Work request
Return each line below exactly as it reads, and omit any image in it.
··· Extracted entries
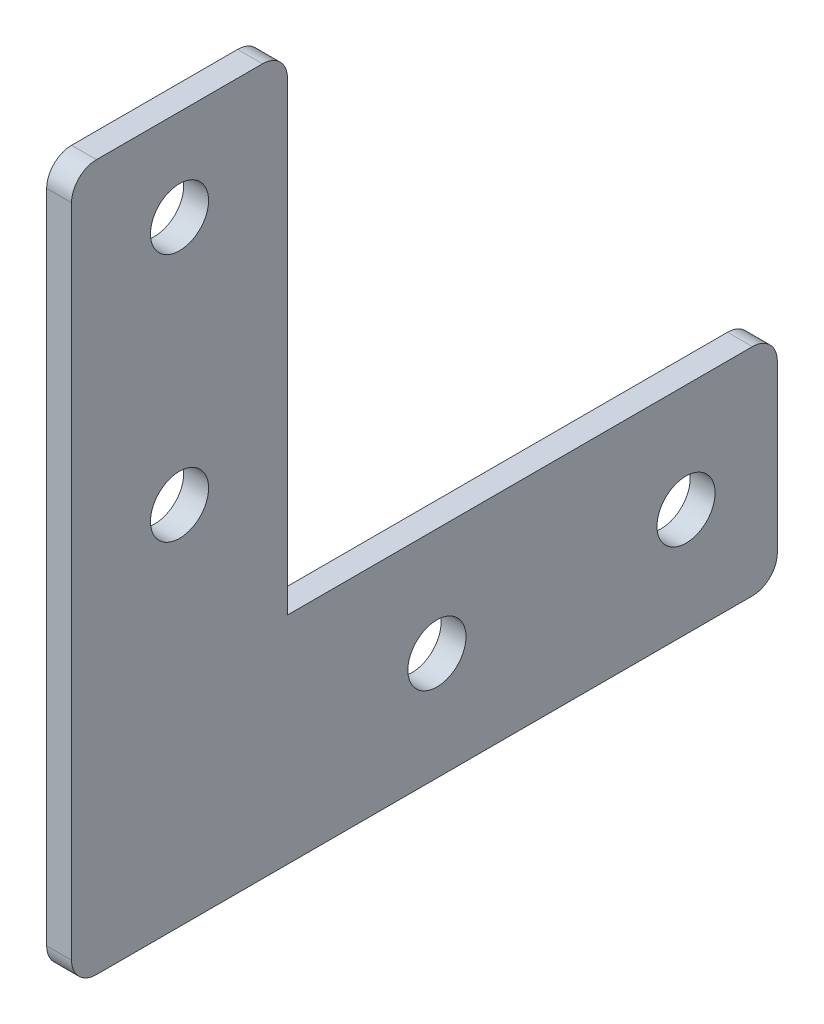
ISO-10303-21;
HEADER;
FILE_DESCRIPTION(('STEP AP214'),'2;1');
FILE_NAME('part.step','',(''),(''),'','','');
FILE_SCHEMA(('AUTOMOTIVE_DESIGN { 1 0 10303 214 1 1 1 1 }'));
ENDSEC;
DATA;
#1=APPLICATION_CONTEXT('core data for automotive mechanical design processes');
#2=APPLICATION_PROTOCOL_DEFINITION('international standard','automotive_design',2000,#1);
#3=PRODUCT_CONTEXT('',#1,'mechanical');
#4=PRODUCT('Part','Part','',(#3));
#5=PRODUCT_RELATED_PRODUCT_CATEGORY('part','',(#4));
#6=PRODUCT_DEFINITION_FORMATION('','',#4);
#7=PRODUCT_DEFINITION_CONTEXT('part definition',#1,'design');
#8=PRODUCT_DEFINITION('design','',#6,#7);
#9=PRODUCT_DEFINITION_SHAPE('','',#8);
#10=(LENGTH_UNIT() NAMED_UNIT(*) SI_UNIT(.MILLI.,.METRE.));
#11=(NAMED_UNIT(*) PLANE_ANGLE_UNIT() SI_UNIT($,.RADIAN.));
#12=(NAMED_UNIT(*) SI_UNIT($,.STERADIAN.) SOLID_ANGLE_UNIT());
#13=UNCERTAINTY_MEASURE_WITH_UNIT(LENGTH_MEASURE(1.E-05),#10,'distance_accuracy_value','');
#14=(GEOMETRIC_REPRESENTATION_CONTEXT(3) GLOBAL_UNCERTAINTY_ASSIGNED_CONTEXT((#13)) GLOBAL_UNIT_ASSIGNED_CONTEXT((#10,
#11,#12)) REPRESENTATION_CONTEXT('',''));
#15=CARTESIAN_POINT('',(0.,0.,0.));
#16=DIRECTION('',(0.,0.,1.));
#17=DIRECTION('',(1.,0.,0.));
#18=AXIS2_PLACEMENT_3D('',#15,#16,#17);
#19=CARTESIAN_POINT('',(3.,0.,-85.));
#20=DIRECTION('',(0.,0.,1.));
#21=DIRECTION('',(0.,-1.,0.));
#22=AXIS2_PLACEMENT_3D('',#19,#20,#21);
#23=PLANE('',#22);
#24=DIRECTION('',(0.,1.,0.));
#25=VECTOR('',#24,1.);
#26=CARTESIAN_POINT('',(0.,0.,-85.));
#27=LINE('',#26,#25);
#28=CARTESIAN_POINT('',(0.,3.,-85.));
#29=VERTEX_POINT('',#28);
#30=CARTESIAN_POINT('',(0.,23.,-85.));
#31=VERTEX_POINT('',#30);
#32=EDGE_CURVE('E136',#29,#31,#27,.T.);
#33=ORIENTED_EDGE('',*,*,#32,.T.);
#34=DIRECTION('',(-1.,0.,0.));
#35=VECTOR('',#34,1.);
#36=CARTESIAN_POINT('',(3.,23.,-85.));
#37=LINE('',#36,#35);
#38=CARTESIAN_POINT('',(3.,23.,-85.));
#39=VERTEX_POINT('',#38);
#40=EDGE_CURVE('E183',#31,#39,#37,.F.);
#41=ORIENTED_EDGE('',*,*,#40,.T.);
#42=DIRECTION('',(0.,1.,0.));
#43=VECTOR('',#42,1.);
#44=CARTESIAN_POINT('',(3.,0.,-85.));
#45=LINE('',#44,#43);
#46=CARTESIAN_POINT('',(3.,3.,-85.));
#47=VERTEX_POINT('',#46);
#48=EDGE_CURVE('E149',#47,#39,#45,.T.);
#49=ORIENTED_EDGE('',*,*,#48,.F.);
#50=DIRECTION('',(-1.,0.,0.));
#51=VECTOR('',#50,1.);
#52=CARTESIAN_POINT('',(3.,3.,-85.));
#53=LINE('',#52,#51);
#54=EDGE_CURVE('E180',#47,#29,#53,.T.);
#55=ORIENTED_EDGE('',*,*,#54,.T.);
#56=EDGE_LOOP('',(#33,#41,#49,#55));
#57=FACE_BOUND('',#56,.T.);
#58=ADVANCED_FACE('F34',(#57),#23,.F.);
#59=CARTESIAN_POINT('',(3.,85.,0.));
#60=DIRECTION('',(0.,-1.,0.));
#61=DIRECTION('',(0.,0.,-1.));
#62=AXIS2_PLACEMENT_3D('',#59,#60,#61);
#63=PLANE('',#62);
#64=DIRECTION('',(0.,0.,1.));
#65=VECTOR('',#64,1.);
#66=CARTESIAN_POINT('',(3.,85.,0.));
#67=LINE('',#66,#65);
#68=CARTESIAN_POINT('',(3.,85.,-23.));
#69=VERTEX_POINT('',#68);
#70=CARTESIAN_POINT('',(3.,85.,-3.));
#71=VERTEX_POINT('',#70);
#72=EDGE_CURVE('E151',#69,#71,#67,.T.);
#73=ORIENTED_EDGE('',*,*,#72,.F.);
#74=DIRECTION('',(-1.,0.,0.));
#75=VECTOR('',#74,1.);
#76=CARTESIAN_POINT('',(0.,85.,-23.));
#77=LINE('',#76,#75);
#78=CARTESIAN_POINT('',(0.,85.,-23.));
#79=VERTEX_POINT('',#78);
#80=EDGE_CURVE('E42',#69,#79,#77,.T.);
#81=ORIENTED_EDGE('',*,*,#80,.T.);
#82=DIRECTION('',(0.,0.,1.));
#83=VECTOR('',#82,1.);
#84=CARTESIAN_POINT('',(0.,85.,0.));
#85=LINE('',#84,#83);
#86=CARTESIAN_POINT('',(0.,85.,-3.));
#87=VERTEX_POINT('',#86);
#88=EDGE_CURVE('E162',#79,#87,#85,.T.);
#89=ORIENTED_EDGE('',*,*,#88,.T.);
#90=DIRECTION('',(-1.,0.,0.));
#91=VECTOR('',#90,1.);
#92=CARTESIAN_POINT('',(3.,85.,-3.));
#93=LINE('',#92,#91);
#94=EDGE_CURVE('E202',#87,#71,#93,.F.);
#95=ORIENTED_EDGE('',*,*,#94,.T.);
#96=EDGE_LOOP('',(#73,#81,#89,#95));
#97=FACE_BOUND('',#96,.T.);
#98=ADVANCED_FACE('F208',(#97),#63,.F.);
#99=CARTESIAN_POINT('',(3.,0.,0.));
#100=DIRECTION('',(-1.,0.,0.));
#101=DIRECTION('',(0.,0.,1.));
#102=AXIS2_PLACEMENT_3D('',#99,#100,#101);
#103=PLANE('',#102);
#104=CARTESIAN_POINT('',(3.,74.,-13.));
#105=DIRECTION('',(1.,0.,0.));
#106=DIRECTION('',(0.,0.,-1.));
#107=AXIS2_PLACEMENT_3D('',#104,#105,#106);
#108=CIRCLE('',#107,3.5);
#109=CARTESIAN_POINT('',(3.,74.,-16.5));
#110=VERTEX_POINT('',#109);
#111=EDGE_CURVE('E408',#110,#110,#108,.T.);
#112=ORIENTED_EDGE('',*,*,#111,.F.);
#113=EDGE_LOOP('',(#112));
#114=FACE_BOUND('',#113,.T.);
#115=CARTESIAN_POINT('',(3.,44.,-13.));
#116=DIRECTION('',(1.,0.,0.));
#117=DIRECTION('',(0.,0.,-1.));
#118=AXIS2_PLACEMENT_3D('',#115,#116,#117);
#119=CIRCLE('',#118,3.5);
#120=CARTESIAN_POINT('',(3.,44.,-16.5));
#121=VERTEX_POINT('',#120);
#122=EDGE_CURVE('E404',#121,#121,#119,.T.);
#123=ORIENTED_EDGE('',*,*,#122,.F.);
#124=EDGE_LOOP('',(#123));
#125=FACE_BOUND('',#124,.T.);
······
Solved problem
ISO-10303-21;
HEADER;
FILE_DESCRIPTION(('STEP AP214'),'2;1');
FILE_NAME('part.step','',(''),(''),'','','');
FILE_SCHEMA(('AUTOMOTIVE_DESIGN { 1 0 10303 214 1 1 1 1 }'));
ENDSEC;
DATA;
#1=APPLICATION_CONTEXT('core data for automotive mechanical design processes');
#2=APPLICATION_PROTOCOL_DEFINITION('international standard','automotive_design',2000,#1);
#3=PRODUCT_CONTEXT('',#1,'mechanical');
#4=PRODUCT('Part','Part','',(#3));
#5=PRODUCT_RELATED_PRODUCT_CATEGORY('part','',(#4));
#6=PRODUCT_DEFINITION_FORMATION('','',#4);
#7=PRODUCT_DEFINITION_CONTEXT('part definition',#1,'design');
#8=PRODUCT_DEFINITION('design','',#6,#7);
#9=PRODUCT_DEFINITION_SHAPE('','',#8);
#10=(LENGTH_UNIT() NAMED_UNIT(*) SI_UNIT(.MILLI.,.METRE.));
#11=(NAMED_UNIT(*) PLANE_ANGLE_UNIT() SI_UNIT($,.RADIAN.));
#12=(NAMED_UNIT(*) SI_UNIT($,.STERADIAN.) SOLID_ANGLE_UNIT());
#13=UNCERTAINTY_MEASURE_WITH_UNIT(LENGTH_MEASURE(1.E-05),#10,'distance_accuracy_value','');
#14=(GEOMETRIC_REPRESENTATION_CONTEXT(3) GLOBAL_UNCERTAINTY_ASSIGNED_CONTEXT((#13)) GLOBAL_UNIT_ASSIGNED_CONTEXT((#10,
#11,#12)) REPRESENTATION_CONTEXT('',''));
#15=CARTESIAN_POINT('',(0.,0.,0.));
#16=DIRECTION('',(0.,0.,1.));
#17=DIRECTION('',(1.,0.,0.));
#18=AXIS2_PLACEMENT_3D('',#15,#16,#17);
#19=CARTESIAN_POINT('',(3.,0.,-85.));
#20=DIRECTION('',(0.,0.,1.));
#21=DIRECTION('',(0.,-1.,0.));
#22=AXIS2_PLACEMENT_3D('',#19,#20,#21);
#23=PLANE('',#22);
#24=DIRECTION('',(0.,1.,0.));
#25=VECTOR('',#24,1.);
#26=CARTESIAN_POINT('',(0.,0.,-85.));
#27=LINE('',#26,#25);
#28=CARTESIAN_POINT('',(0.,3.,-85.));
#29=VERTEX_POINT('',#28);
#30=CARTESIAN_POINT('',(0.,23.,-85.));
#31=VERTEX_POINT('',#30);
#32=EDGE_CURVE('E136',#29,#31,#27,.T.);
#33=ORIENTED_EDGE('',*,*,#32,.T.);
#34=DIRECTION('',(-1.,0.,0.));
#35=VECTOR('',#34,1.);
#36=CARTESIAN_POINT('',(3.,23.,-85.));
#37=LINE('',#36,#35);
#38=CARTESIAN_POINT('',(3.,23.,-85.));
#39=VERTEX_POINT('',#38);
#40=EDGE_CURVE('E183',#31,#39,#37,.F.);
#41=ORIENTED_EDGE('',*,*,#40,.T.);
#42=DIRECTION('',(0.,1.,0.));
#43=VECTOR('',#42,1.);
#44=CARTESIAN_POINT('',(3.,0.,-85.));
#45=LINE('',#44,#43);
#46=CARTESIAN_POINT('',(3.,3.,-85.));
#47=VERTEX_POINT('',#46);
#48=EDGE_CURVE('E149',#47,#39,#45,.T.);
#49=ORIENTED_EDGE('',*,*,#48,.F.);
#50=DIRECTION('',(-1.,0.,0.));
#51=VECTOR('',#50,1.);
#52=CARTESIAN_POINT('',(3.,3.,-85.));
#53=LINE('',#52,#51);
#54=EDGE_CURVE('E180',#47,#29,#53,.T.);
#55=ORIENTED_EDGE('',*,*,#54,.T.);
#56=EDGE_LOOP('',(#33,#41,#49,#55));
#57=FACE_BOUND('',#56,.T.);
#58=ADVANCED_FACE('F34',(#57),#23,.F.);
#59=CARTESIAN_POINT('',(3.,85.,0.));
#60=DIRECTION('',(0.,-1.,0.));
#61=DIRECTION('',(0.,0.,-1.));
#62=AXIS2_PLACEMENT_3D('',#59,#60,#61);
#63=PLANE('',#62);
#64=DIRECTION('',(0.,0.,1.));
#65=VECTOR('',#64,1.);
#66=CARTESIAN_POINT('',(3.,85.,0.));
#67=LINE('',#66,#65);
#68=CARTESIAN_POINT('',(3.,85.,-23.));
#69=VERTEX_POINT('',#68);
#70=CARTESIAN_POINT('',(3.,85.,-3.));
#71=VERTEX_POINT('',#70);
#72=EDGE_CURVE('E151',#69,#71,#67,.T.);
#73=ORIENTED_EDGE('',*,*,#72,.F.);
#74=DIRECTION('',(-1.,0.,0.));
#75=VECTOR('',#74,1.);
#76=CARTESIAN_POINT('',(0.,85.,-23.));
#77=LINE('',#76,#75);
#78=CARTESIAN_POINT('',(0.,85.,-23.));
#79=VERTEX_POINT('',#78);
#80=EDGE_CURVE('E42',#69,#79,#77,.T.);
#81=ORIENTED_EDGE('',*,*,#80,.T.);
#82=DIRECTION('',(0.,0.,1.));
#83=VECTOR('',#82,1.);
#84=CARTESIAN_POINT('',(0.,85.,0.));
#85=LINE('',#84,#83);
#86=CARTESIAN_POINT('',(0.,85.,-3.));
#87=VERTEX_POINT('',#86);
#88=EDGE_CURVE('E162',#79,#87,#85,.T.);
#89=ORIENTED_EDGE('',*,*,#88,.T.);
#90=DIRECTION('',(-1.,0.,0.));
#91=VECTOR('',#90,1.);
#92=CARTESIAN_POINT('',(3.,85.,-3.));
#93=LINE('',#92,#91);
#94=EDGE_CURVE('E202',#87,#71,#93,.F.);
#95=ORIENTED_EDGE('',*,*,#94,.T.);
#96=EDGE_LOOP('',(#73,#81,#89,#95));
#97=FACE_BOUND('',#96,.T.);
#98=ADVANCED_FACE('F208',(#97),#63,.F.);
#99=CARTESIAN_POINT('',(3.,0.,0.));
#100=DIRECTION('',(-1.,0.,0.));
#101=DIRECTION('',(0.,0.,1.));
#102=AXIS2_PLACEMENT_3D('',#99,#100,#101);
#103=PLANE('',#102);
#104=CARTESIAN_POINT('',(3.,74.,-13.));
#105=DIRECTION('',(1.,0.,0.));
#106=DIRECTION('',(0.,0.,-1.));
#107=AXIS2_PLACEMENT_3D('',#104,#105,#106);
#108=CIRCLE('',#107,3.5);
#109=CARTESIAN_POINT('',(3.,74.,-16.5));
#110=VERTEX_POINT('',#109);
#111=EDGE_CURVE('E408',#110,#110,#108,.T.);
#112=ORIENTED_EDGE('',*,*,#111,.F.);
#113=EDGE_LOOP('',(#112));
#114=FACE_BOUND('',#113,.T.);
#115=CARTESIAN_POINT('',(3.,44.,-13.));
#116=DIRECTION('',(1.,0.,0.));
#117=DIRECTION('',(0.,0.,-1.));
#118=AXIS2_PLACEMENT_3D('',#115,#116,#117);
#119=CIRCLE('',#118,3.5);
#120=CARTESIAN_POINT('',(3.,44.,-16.5));
#121=VERTEX_POINT('',#120);
#122=EDGE_CURVE('E404',#121,#121,#119,.T.);
#123=ORIENTED_EDGE('',*,*,#122,.F.);
#124=EDGE_LOOP('',(#123));
#125=FACE_BOUND('',#124,.T.);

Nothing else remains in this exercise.